> [TASK PROMPT] If a line contains "layer by layer", it is the last one to write out; begin with the first line of the records and copy each exactly.

Entries taken from a collection
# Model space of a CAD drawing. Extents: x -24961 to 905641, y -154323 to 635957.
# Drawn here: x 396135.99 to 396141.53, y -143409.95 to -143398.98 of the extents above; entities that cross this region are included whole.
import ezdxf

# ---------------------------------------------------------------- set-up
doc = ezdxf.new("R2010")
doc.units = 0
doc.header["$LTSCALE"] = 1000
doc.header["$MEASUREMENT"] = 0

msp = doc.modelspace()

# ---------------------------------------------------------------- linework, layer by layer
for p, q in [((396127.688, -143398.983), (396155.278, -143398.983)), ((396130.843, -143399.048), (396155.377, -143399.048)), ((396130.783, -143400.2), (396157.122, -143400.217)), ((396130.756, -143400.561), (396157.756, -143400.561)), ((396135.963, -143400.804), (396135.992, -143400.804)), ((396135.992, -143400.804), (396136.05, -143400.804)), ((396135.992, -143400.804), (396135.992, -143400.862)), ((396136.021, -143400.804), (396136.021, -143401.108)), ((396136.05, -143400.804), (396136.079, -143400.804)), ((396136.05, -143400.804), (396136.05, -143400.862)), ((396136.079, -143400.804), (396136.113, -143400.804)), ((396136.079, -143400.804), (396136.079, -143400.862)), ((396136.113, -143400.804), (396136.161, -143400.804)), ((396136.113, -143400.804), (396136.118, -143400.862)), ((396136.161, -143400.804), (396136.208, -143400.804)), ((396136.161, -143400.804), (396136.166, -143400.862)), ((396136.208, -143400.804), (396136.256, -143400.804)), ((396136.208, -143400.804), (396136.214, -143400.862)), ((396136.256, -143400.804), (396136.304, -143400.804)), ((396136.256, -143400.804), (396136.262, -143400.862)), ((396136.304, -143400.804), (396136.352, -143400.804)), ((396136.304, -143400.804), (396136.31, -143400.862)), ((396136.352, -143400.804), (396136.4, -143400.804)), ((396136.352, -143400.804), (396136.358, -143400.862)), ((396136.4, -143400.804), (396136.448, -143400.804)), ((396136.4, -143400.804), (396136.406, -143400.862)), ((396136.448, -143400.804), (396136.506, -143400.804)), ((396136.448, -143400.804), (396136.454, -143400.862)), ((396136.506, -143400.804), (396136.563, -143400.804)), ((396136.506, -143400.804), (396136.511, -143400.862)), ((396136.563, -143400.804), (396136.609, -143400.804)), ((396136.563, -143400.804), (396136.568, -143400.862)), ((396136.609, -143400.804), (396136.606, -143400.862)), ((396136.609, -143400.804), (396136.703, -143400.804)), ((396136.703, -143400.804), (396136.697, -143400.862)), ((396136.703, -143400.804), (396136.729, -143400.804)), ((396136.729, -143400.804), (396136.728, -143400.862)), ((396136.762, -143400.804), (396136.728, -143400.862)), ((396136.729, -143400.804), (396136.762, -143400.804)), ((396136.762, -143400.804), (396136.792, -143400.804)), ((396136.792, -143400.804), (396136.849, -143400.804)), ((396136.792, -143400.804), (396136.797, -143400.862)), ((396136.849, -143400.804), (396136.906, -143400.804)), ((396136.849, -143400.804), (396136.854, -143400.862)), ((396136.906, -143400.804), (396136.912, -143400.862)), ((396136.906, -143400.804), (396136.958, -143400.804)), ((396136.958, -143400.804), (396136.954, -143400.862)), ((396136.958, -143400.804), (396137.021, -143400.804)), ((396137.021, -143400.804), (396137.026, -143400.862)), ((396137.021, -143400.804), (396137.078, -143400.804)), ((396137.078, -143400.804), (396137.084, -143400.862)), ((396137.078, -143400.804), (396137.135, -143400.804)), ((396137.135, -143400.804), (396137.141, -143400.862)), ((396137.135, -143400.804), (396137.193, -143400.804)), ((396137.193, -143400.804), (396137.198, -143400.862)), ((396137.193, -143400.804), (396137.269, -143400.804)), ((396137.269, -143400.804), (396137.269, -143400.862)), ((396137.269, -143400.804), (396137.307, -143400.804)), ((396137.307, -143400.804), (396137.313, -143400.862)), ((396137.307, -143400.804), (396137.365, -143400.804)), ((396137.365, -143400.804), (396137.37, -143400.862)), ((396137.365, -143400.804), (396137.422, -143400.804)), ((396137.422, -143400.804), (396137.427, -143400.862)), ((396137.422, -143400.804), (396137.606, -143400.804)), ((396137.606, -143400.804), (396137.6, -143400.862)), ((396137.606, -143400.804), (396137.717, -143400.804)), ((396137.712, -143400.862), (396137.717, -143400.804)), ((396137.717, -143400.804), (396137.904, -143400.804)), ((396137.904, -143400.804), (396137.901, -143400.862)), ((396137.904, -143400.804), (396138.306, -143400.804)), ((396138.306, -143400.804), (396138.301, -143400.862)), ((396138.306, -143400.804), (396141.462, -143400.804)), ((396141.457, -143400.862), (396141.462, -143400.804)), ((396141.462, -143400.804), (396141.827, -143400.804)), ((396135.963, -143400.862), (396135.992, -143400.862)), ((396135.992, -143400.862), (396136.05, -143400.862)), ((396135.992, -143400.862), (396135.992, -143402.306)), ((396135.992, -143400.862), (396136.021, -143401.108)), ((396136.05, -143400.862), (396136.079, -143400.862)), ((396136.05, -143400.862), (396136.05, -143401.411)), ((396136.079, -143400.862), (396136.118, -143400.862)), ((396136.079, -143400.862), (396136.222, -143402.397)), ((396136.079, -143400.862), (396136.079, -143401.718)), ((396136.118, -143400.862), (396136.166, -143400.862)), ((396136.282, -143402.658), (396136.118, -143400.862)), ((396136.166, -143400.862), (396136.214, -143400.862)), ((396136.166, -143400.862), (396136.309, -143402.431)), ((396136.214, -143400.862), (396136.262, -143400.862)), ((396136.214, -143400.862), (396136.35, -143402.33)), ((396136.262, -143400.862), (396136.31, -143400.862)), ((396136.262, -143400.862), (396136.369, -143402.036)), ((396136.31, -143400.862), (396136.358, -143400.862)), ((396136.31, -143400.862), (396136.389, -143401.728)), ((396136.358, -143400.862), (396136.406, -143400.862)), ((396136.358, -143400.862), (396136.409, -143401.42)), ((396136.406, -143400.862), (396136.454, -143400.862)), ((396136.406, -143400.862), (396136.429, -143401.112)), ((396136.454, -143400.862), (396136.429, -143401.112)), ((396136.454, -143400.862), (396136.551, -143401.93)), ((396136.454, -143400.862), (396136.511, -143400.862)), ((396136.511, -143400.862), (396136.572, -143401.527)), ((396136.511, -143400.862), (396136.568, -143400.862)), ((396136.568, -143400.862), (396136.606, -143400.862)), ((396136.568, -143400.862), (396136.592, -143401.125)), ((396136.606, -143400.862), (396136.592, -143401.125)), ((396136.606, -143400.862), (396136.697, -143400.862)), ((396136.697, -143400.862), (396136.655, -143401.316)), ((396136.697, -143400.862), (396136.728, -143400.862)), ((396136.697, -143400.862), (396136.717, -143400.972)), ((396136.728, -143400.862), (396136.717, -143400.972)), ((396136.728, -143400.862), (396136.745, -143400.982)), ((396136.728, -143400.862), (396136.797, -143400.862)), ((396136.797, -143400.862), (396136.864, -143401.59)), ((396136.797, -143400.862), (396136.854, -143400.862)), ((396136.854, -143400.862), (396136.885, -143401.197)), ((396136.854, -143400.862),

> [SOLUTION]
# Model space of a CAD drawing. Extents: x -24961 to 905641, y -154323 to 635957.
# Drawn here: x 396135.99 to 396141.53, y -143409.95 to -143398.98 of the extents above; entities that cross this region are included whole.
import ezdxf

# ---------------------------------------------------------------- set-up
doc = ezdxf.new("R2010")
doc.units = 0
doc.header["$LTSCALE"] = 1000
doc.header["$MEASUREMENT"] = 0

msp = doc.modelspace()

# ---------------------------------------------------------------- linework, layer by layer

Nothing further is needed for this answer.